Since the dancing baby delighted our screens more than two decades ago, memes have taken various forms, their popularity aided as tools have made it easier to create memes of our own. Still photos and images, like the now ubiquitous text-overlaid image memes, can be easily created on the fly with some basic Photoshop skills. Giphy offers a whole trove of GIF-style memery. Internet discussion boards like Reddit are a constant source of new viral fodder, too. But memes, going forward, are venturing into a new sphere—the real world—thanks to augmented reality.
Today, Snap (the company behind Snapchat) introduced Lens Studio, a desktop app for creating your own Snapchat lenses. The steps to create one are straightforward. First, upload your artwork—you’ll need to have created a 3-D image in another app before importing it into Lens Studio. Then, you can use Snap’s program to animate your creation with movement patterns and animation triggers. From there you submit your design. Once approved by Snapchat, you’ll get a Snapcode you can use to share with friends and followers.
Users have been able to upload location-based geofilters themselves, but with the addition of Snapcodes—glorified QR codes—these user-uploaded world lenses will be different. You can only use a geofilter if you’re in a specific area, which limits virality. With a shareable Snapcode, however, a filter can be shared with friends, friends of friends, and contacts near and far—and that is what’s necessary for a creation to enter meme territory.
Snap has been building up to this. The company pioneered and popularized the augmented reality lens, starting with selfie-targeted options like the puppy filter—which pastes a dog’s nose and ears onto your face—and the flower crown filter, which adorned your head with a delicate wreath. Since then, Facebook and Instagram have caught onto the trend and implemented similar filters in their own apps. Snapchat, meanwhile, has continued to expand its AR filtering options. World lenses, the type of filter users are now able to create through Lens Studio, inserts animations or graphics into the world around you (as captured by your phone’s rear-facing camera). The results can be delightful or, more often than not, incredibly silly.
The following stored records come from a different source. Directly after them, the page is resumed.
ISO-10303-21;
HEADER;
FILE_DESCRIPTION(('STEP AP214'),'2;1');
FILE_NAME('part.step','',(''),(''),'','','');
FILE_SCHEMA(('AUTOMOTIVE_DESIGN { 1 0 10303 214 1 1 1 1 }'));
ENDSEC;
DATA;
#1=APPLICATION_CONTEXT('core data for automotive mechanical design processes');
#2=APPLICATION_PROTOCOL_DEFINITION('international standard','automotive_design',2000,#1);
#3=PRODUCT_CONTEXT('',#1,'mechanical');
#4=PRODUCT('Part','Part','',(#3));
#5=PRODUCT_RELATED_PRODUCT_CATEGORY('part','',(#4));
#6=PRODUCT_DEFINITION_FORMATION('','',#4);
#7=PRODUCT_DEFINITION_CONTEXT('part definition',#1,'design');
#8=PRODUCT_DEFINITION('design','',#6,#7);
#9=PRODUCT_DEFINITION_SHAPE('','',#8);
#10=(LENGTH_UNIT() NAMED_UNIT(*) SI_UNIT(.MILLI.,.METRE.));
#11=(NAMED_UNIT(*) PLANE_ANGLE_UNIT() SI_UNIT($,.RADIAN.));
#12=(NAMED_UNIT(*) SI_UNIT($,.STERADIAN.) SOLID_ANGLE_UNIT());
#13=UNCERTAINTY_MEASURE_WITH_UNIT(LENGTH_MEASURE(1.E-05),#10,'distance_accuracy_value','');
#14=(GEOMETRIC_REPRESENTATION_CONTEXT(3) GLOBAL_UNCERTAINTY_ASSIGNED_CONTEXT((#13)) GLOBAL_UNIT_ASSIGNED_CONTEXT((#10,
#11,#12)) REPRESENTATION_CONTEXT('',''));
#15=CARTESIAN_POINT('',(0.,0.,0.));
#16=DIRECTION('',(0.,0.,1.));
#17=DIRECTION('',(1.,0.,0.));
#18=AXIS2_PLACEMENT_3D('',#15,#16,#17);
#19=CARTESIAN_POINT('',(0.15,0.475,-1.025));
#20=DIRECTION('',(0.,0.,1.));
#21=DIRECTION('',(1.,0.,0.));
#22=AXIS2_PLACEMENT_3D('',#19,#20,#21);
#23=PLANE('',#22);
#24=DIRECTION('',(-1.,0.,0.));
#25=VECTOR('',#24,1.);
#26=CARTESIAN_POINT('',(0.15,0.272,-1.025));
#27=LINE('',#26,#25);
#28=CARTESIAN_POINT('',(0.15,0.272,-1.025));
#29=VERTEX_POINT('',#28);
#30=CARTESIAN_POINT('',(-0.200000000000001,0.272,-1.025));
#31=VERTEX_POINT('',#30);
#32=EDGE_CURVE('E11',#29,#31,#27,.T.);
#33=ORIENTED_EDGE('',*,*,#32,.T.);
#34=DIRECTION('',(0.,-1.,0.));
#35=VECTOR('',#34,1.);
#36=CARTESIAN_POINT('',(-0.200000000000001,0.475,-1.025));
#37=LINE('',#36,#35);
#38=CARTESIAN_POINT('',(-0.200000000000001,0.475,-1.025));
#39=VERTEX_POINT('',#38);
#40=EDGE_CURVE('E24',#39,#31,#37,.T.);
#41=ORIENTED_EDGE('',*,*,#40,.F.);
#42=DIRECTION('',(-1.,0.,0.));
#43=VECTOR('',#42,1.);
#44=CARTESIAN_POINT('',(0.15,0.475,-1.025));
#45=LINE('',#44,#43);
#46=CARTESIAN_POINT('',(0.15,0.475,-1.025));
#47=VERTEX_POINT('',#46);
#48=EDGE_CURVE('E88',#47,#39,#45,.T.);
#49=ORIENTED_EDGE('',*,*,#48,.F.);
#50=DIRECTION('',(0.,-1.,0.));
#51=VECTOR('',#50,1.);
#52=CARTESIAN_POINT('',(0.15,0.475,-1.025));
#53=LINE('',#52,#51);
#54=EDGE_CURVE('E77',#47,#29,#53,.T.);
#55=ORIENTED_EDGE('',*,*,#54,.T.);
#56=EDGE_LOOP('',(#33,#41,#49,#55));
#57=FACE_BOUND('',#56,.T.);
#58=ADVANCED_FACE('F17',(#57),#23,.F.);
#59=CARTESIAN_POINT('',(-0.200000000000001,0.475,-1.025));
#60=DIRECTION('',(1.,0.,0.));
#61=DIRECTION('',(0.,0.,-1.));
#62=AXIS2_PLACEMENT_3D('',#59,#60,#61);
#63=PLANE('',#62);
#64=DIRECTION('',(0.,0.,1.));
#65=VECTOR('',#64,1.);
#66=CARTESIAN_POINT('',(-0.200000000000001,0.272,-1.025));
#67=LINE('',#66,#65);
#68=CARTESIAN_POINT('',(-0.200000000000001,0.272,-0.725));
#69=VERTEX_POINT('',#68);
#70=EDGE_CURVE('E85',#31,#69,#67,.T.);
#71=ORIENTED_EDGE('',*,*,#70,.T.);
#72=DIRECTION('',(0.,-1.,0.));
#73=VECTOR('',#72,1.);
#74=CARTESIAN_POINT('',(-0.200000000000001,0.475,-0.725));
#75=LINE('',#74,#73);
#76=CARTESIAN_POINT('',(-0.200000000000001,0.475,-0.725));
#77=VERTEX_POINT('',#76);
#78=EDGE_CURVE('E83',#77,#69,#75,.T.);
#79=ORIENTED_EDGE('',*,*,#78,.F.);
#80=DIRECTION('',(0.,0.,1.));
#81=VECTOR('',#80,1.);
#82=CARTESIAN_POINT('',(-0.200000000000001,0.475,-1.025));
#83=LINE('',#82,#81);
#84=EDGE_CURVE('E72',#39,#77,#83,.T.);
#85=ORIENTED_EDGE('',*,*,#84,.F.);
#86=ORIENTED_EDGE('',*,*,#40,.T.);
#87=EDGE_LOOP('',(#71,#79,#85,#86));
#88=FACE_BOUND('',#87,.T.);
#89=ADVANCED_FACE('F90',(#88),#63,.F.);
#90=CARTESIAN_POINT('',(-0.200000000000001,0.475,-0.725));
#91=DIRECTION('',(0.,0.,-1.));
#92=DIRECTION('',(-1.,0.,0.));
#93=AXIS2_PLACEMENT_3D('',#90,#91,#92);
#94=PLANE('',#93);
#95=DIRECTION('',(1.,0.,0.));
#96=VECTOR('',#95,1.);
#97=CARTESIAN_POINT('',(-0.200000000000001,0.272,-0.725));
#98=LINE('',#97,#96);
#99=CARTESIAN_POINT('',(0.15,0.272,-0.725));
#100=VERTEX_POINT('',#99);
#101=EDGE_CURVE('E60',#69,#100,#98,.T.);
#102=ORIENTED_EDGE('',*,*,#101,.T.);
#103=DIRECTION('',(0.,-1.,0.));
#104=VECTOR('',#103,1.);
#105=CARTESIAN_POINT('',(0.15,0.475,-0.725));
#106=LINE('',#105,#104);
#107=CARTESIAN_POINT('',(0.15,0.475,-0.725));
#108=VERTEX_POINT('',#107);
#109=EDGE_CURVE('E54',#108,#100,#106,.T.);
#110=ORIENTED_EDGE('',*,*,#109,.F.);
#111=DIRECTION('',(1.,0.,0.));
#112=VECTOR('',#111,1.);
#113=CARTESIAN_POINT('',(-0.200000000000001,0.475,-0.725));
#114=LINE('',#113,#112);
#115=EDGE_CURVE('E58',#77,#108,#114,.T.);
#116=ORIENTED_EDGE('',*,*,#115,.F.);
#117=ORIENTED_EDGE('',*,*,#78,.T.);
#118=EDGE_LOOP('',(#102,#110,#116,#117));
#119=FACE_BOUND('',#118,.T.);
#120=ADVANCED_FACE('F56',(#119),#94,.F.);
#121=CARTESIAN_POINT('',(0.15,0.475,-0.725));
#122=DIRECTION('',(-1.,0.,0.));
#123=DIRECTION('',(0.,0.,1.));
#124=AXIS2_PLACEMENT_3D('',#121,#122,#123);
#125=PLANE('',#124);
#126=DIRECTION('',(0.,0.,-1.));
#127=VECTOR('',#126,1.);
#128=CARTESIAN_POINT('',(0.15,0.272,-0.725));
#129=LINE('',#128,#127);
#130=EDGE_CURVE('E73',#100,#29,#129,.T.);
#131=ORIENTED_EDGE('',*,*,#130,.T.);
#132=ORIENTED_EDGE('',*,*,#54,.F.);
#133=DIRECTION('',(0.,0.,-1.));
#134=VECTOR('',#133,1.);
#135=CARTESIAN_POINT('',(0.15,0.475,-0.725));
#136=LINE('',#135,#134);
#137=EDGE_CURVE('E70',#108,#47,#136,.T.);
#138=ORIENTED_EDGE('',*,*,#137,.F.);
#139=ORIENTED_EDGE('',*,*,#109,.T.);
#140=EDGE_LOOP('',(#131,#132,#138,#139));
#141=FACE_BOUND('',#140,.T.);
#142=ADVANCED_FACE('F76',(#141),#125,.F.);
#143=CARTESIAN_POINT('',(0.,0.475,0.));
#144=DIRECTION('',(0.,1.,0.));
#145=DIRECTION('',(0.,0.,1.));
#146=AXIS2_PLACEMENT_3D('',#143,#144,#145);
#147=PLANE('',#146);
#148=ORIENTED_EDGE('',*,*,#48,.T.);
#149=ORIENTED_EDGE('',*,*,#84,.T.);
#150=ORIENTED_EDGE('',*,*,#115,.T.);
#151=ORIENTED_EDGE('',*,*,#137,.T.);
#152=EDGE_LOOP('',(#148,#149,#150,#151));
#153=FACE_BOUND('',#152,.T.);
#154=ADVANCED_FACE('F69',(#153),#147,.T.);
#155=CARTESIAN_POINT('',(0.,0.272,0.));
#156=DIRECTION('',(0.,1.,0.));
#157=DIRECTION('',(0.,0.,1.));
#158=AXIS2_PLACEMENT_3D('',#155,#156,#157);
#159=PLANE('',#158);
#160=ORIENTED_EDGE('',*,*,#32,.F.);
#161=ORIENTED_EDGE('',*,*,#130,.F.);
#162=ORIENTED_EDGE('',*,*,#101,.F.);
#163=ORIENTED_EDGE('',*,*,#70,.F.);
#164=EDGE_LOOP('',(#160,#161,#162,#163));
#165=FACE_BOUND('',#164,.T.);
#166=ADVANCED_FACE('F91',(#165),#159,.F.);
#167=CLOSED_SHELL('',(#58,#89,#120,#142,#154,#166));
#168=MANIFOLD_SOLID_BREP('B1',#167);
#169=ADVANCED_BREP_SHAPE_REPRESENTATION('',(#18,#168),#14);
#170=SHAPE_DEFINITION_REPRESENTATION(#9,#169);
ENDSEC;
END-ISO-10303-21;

This is what we saw in Snapchat’s first true AR meme, the dancing hot dog that surged to stardom this summer. It was just a 3-D animation of a hotdog that could breakdance, but it made its way into the hearts (and even Twitter feeds) of many Snapchat users. In this case, Snapchat made the dancing hot dog itself, but Lens Studio opens Snapchat up for dozens, if not hundreds, of new and different such augmented reality meme opportunities.
But Snapchat’s success as a platform for memes will depend on how Lens Studio is adopted. Snapchat tried to make the app as easy to use as possible, and indeed, in my explorations Thursday, it does seem relatively straightforward. Lens creation will probably come most easily to those with some 3-D design or programming background, but for those without, it’s something that can be learned and practiced. (Whether or not you have a knack for creating lovable, bizarre, or otherwise shareable augmented reality graphics, however, will take some time to ascertain.) It’s certainly not as easy as pasting some text over an image of Willy Wonka, but even that basic level of meme creation seemed daunting in its early days.
One issue Snapchat could encounter with the virality of its lenses is shareability. Until now, you’ve been able to share memes as website and Tumblr embeds, in messages, email, and social media. Snapchat, by nature, is more insular. This likely won’t prove too big of an issue, though: Many already download their snaps to their camera roll to post on other social apps and—even if they’re discouraged—take and share screenshots. And while not Facebook’s size, Snapchat is a large social network in its own right
Another potential hindrance to augmented reality’s meme-tastic future is if lens creation gets co-opted by advertisers and brands. If you’re looking through the lens options for your snap and are only seeing the Pillsbury Doughboy, the Apple logo, and a talking Outback Steakhouse steak, it might take the fun out of the platform as an avenue for meme creation. Snap has done a good job of balancing its mix of brand and user-uploaded content thus far—and, honestly, a talking steak in my snaps doesn’t sound so bad.
The dancing hot dog craze this summer was a peek at what the future holds. Now that developers and creative types can distribute their own versions, a world of augmented reality memes is almost here.